DESCRIPTION OF THE TASK
Given the listing below, write out exactly the lines starting with the line that has "Step : Step" and going on through the line that has "Integrator/1 -> Add1/1", both kept.

DATASET EXTRACT
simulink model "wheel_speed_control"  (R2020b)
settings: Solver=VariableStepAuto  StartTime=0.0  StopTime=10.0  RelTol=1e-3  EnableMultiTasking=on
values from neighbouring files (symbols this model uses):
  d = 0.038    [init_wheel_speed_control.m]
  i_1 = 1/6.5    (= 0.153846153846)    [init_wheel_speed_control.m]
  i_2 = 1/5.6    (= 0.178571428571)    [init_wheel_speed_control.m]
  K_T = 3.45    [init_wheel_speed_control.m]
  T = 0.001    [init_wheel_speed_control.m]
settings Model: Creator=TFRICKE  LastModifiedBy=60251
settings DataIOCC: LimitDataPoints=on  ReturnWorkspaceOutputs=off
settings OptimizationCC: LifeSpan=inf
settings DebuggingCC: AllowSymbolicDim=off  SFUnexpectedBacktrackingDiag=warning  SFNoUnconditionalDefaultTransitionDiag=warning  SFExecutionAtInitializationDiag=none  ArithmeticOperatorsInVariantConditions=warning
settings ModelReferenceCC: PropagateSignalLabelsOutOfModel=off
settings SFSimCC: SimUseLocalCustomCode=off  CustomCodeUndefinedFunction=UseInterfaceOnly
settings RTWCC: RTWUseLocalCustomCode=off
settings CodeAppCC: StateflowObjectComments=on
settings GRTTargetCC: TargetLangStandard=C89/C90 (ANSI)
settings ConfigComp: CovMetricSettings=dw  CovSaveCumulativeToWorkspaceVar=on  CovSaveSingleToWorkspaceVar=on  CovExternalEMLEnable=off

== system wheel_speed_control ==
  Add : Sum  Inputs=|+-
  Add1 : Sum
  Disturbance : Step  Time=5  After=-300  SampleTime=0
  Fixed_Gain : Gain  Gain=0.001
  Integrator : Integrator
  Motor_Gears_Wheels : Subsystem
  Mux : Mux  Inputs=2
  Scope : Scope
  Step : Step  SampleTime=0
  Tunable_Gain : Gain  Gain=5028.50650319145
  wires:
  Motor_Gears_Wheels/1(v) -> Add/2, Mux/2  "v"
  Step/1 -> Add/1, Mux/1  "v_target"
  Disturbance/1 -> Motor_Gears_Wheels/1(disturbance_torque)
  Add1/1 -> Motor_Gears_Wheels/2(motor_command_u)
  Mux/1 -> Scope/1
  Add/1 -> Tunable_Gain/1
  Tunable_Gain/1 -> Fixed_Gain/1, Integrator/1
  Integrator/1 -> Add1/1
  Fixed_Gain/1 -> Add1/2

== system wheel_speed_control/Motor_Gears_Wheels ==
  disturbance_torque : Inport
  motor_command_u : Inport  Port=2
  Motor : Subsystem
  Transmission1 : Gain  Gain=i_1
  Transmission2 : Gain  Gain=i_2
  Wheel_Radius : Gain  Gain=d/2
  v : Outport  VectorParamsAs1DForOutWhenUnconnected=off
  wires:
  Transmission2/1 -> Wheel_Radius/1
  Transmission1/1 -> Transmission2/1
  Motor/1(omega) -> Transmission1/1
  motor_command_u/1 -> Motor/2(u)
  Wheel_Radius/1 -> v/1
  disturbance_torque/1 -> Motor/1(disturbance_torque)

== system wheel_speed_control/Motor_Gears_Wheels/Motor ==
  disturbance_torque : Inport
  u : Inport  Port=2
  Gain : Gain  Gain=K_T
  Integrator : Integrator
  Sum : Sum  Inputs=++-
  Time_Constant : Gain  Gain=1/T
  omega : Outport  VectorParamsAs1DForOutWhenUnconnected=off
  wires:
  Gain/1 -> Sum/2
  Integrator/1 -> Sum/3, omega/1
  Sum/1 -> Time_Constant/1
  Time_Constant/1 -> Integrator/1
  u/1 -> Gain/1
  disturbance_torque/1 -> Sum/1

RESULT FOR THIS TASK
  Step : Step  SampleTime=0
  Tunable_Gain : Gain  Gain=5028.50650319145
  wires:
  Motor_Gears_Wheels/1(v) -> Add/2, Mux/2  "v"
  Step/1 -> Add/1, Mux/1  "v_target"
  Disturbance/1 -> Motor_Gears_Wheels/1(disturbance_torque)
  Add1/1 -> Motor_Gears_Wheels/2(motor_command_u)
  Mux/1 -> Scope/1
  Add/1 -> Tunable_Gain/1
  Tunable_Gain/1 -> Fixed_Gain/1, Integrator/1
  Integrator/1 -> Add1/1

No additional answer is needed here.